Reichsthal 97-Einwohner-Gemeinde Reichsthal will gegen das Land klagen
Eine ausweglose Finanzlage lässt dem Ort im Donnersbergkreis keine andere Wahl: Der Gemeinderat beschließt nun einstimmig, gegen das Land Rheinland-Pfalz zu klagen. Alleine ist die Gemeinde damit nicht.
Es war keine Diskussion mehr nötig im Gemeinderat des kleinen Ortes Reichsthal. Ortsbürgermeisterin Stephanie Schwarz fasste die Hintergründe einzig für die Öffentlichkeit nochmals zusammen, dann entschied das Gremium einstimmig und eben ohne weitere Besprechung den Grundsatzbeschluss. Damit will das Dorf am südwestlichen Zipfel des Donnersbergkreises nun Klage einreichen. Gegen das Bundesland Rheinland-Pfalz und die aus Sicht der Reichsthaler aussichtslose Finanzsituation.
Von einer insgesamt „unbefriedigenden Situation“, spricht Schwarz. Die Gemeinde ist ohne genehmigten Haushalt, da sich der alte wie auch der neu gewählte Gemeinderat gegen die geforderte Erhöhung der Hebesätze für die Grundsteuer B von 500 auf 600 Prozentpunkte ausgesprochen hat. „Die letzte Abstimmung im neuen Rat ging unentschieden aus“, erklärt Schwarz. Sie könne die Argumente auch gut verstehen. „Denn wo soll das hinführen, als nächstes dann auf 750 Punkte und dann?“, spricht sie die Vermutung aus, die der Rat teilt. Schließlich wäre aktuell ein Hebesatz von fast 2500 Punkten notwendig, um den Haushalt tatsächlich auszugleichen. „Andere Einnahmen haben wir nicht.
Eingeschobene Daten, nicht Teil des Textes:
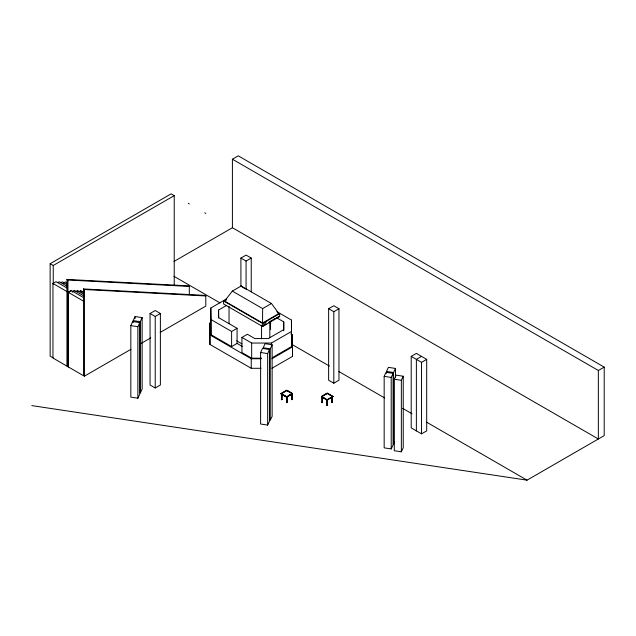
<?xml version="1.0" encoding="UTF-8"?>
<svg xmlns="http://www.w3.org/2000/svg" width="636" height="636" viewBox="0 0 636 636"><rect width="100%" height="100%" fill="white"/><g stroke="black" fill="none" stroke-linecap="round" stroke-linejoin="round"><path stroke-width="0.95" d="M277.336 312.443L278.886 313.58L271.445 303.507L262.644 308.595L262.557 323.009L279.18 313.405M130.825 325.616L132.709 321.546L139.761 322.635L139.761 394.145L137.869 398.216L130.825 397.118L130.825 325.616L137.869 326.705L139.761 322.635M133.202 322.587L133.202 320.6L135.086 316.529L142.138 317.626L142.138 389.129L140.246 393.199L140.246 321.689L142.138 317.626M260.609 352.503L262.501 348.433L269.545 349.522L269.545 421.032L267.661 425.102L260.609 424.013L260.609 352.503L267.661 353.592L269.545 349.522M270.244 348.846L272.136 344.776L265.085 343.686L263.201 347.757L270.244 348.846L270.244 420.356L272.136 416.286L272.136 344.776M384.168 376.345L386.052 372.275L393.104 373.364L393.104 444.874L391.212 448.944L384.168 447.855L384.168 376.345L391.212 377.434L393.104 373.364M386.513 373.411L386.513 371.424L388.405 367.354L395.457 368.443L395.457 377.379M394.702 441.575L393.565 444.015L393.565 372.513L395.457 368.443M394.304 379.215L396.188 375.145L403.24 376.242L403.24 447.744L401.356 451.814L394.304 450.725L394.304 379.215L401.356 380.304L403.24 376.242M266.802 321.085L262.636 326.522L223.594 303.984L223.594 300.947L225.685 299.739M271.445 303.507L241.131 286.009L232.323 291.097L224.588 301.082L226.305 300.097M268.662 322.476L274.442 319.002M263.376 325.56L265.005 324.599M270.721 321.228L272.359 320.266M273.989 319.304L275.627 318.342M277.256 317.38L279.641 316.505L279.633 313.667L278.298 313.23L279.633 314.152M279.339 316.68L263.01 326.3L262.557 326.045M53.241 357.941L50.141 356.152L50.141 263.702L171.124 193.853L174.224 195.642L174.224 285.135M232.41 159.215L598.349 370.486L598.349 438.991L232.41 227.72L232.41 159.215L238.262 155.836L604.2 367.107L604.2 435.612L527.037 480.164L31.8 405.609M50.141 263.702L53.241 265.49L174.224 195.642M160.192 332.421L205.802 306.091L205.802 295.963L204.784 295.374L83.443 288.943L83.562 375.725L52.955 358.028L52.955 283.473L56.047 281.684L67.233 288.14M57.733 282.623L59.275 281.732L67.011 286.2M60.825 282.742L62.368 281.851L66.669 284.332M63.171 283.29L65.492 281.955L67.217 282.948M71.534 290.62L68.434 292.409L68.434 366.964M72.083 291.821L74.396 290.485L83.857 295.947M72.44 292.004L74.754 290.668M75.954 291.495L77.497 290.604L83.515 294.086M76.312 291.678L77.846 290.787M79.071 291.606L80.621 290.708L84.055 292.695M79.428 291.781L80.979 290.89M81.424 292.385L83.753 291.042M173.986 261.452L232.41 227.72M240.909 286.717L240.909 258.065L246.068 255.084L251.236 258.065L251.236 291.829M150.056 313.492L155.224 310.519L160.383 313.492L160.383 385.003L155.224 387.984L150.056 385.003L150.056 313.492L155.224 316.474L160.383 313.492M240.909 258.065L246.068 261.038L251.236 258.065M83.443 375.558L84.461 376.146L130.929 349.315M141.256 343.353L150.724 337.891M242.237 346.413L237.077 343.432L231.607 346.596L210.969 334.679L210.802 308.023L226.662 298.864M218.569 317.944L218.569 310.05L226.798 305.296M210.802 308.023L210.969 319.55L231.607 331.467L237.077 328.303L237.077 343.432M262.636 326.522L262.636 323.493L279.633 313.667M261.555 358.171L251.657 358.171L241.926 352.551L241.926 337.422L247.396 334.266L254.861 338.575L268.249 338.575L283.743 329.623L283.728 321.872L276.31 317.587M263.304 325.616L266.269 323.899M328.637 308.714L333.805 305.733L338.964 308.714L338.964 380.217L333.805 383.198L328.637 380.217L328.637 308.714L333.805 311.696L338.964 308.714M241.926 337.422L251.657 343.043L271.453 343.043L291.495 331.467L291.455 320.059L276.827 311.624M272.288 357.686L291.495 346.596L291.455 320.059M271.874 358.76L292.52 346.843L292.52 356.383L271.874 368.3M280.985 393.557L286.804 390.194L292.552 393.509L286.733 397.047L280.985 393.557L286.733 396.872M280.985 393.732L286.804 390.369L292.552 393.692M281.152 393.827L286.971 390.472M281.74 399.75L282.153 394.185L281.74 399.75L281.327 393.732L287.106 397.039L291.455 394.217L291.725 399.694L292.139 393.676L286.693 396.824L286.693 402.604L286.415 397.118L292.552 393.509M281.327 399.511L282.153 399.511M286.415 402.445L287.106 402.365L287.106 397.039M291.447 399.535L292.139 399.456M286.693 402.604L287.106 402.365M327.182 399.949L321.434 396.451L327.254 393.096L333.002 396.411L326.872 400.02L322.19 397.317L322.603 397.079L322.19 402.644L321.776 396.625M321.434 396.633L327.254 393.271L333.002 396.594M321.601 396.729L327.421 393.374M321.776 402.405L322.603 402.405M333.002 396.411L327.143 399.726L327.143 405.506L326.872 400.02M321.434 396.451L327.556 399.941L331.905 397.11L332.175 402.596L332.588 396.578M411.206 356.383L416.373 353.401L426.692 359.364L426.692 430.874L421.533 433.847L411.206 427.893L411.206 356.383L421.533 362.345L426.692 359.364M331.897 402.437L332.588 402.357M326.872 405.347L327.556 405.267L327.556 399.941M327.143 405.506L327.556 405.267M421.533 356.383L416.373 359.364L416.373 430.874M598.349 370.486L604.2 367.107M261.062 368.3L251.236 368.3L209.944 344.466L209.777 322.905L209.944 334.926L251.236 358.76L261.062 358.76M66.947 279.419L67.965 280.007L67.965 366.622L66.947 366.034L66.947 279.419L188.296 285.85L189.313 286.439L189.313 294.722M67.965 280.007L189.313 286.439M83.443 288.943L84.461 289.523L205.802 295.963M133.202 320.6L140.246 321.689M386.513 371.424L393.565 372.513M188.296 203.289L189.313 203.878M204.784 212.814L205.802 213.402M232.323 291.097L262.644 308.595M290.755 333.956L292.473 334.949L292.52 356.383M269.076 322.285L270.801 323.279M223.967 300.733L263.018 323.271M223.594 300.947L262.636 323.493M173.914 276.286L220.032 302.919M292.473 344.744L329.472 366.098M338.932 371.567L384.534 397.89M402.604 408.32L412.064 413.79M426.692 422.232L527.037 480.164M237.077 328.303L218.72 317.706L218.569 310.05M236.743 340.872L241.879 343.83M327.23 393.485L332.723 396.657M286.78 390.584L292.274 393.756M291.86 393.994L291.725 399.694M281.74 394.423L286.415 397.118M83.213 297.394L71.176 290.445L68.076 292.226L68.076 366.789M52.955 283.473L83.562 301.17M241.131 286.009L244.319 288.339M291.455 335.188L291.495 346.596M421.533 362.345L421.533 433.847M401.356 380.304L401.356 451.814M391.212 377.434L391.212 448.944M333.805 311.696L333.805 383.198M332.31 402.198L332.183 396.816L332.175 402.596M327.278 399.782L327.278 405.108M322.19 396.84L322.19 402.644M292.473 334.949L292.473 344.489M291.86 393.97L291.86 399.297M286.828 396.88L286.828 402.206M283.728 321.872L283.728 330.752M271.453 343.043L271.453 344.927M270.538 321.848L270.538 329.424M269.807 322.174L269.807 337.764M267.661 353.592L267.661 425.102M261.555 325.163L261.555 338.726M251.657 343.043L251.657 358.171M251.236 358.76L251.236 368.3M246.068 261.038L246.068 289.698M231.607 331.467L231.607 346.596M229.04 306.393L229.04 323.827M210.969 319.55L210.969 334.679M209.944 334.926L209.944 344.466M155.224 316.474L155.224 387.984M137.869 326.705L137.869 398.216M135.086 316.529L135.086 318.517M84.461 289.523L84.461 376.146M53.241 265.49L53.241 284.181"/></g></svg>

Wir haben keine Gewerbe, aktuell auch keine Möglichkeit, über Windenergie oder PV-Anlagen Gelder zu generieren“, so Schwarz. Reichsthal sei damit ein Extremfall, der in der aktuellen Lage unmöglich handlungsfähig werden kann.
Gemeinde-und-Städte-Bund könnte unterstützen
Die einzige Lösung soll deshalb die Klage sein. Der Gemeinde-und-Städte-Bund habe seine Hilfe in Aussicht gestellt, wird nun aber zunächst selbst seine Gremien dazu befragen und darüber entscheiden, ehe er tätig wird. Dann wird sich zeigen, wie viele Gemeinden sich im Land zusammenschließen. „Man sieht uns wohl schon als eine Art Modellgemeinde, weil wir tatsächlich keine andere Möglichkeit mehr haben“, sagt Schwarz. Freiwillige Leistungen, wie kulturelle Veranstaltungen oder Ähnliches, die man kürzen oder streichen könnte, hat die Gemeinde nicht mehr. Selbst der Spielplatz läuft komplett durch ehrenamtliche Hände. Dennoch sei es unmöglich, den Haushalt auszugleichen. „Das Geld fließt praktisch durch uns durch. Alles was reinkommt, landet in den Umlagen. Schon für Pflichtinvestitionen müssen wir Kredite aufnehmen“, erklärt die Bürgermeisterin. Als Grundlage für ihre Klage sieht die Gemeinde die Tatsache, dass sie aktuell ihr Recht auf Selbstverwaltung nicht mehr wahrnehmen kann.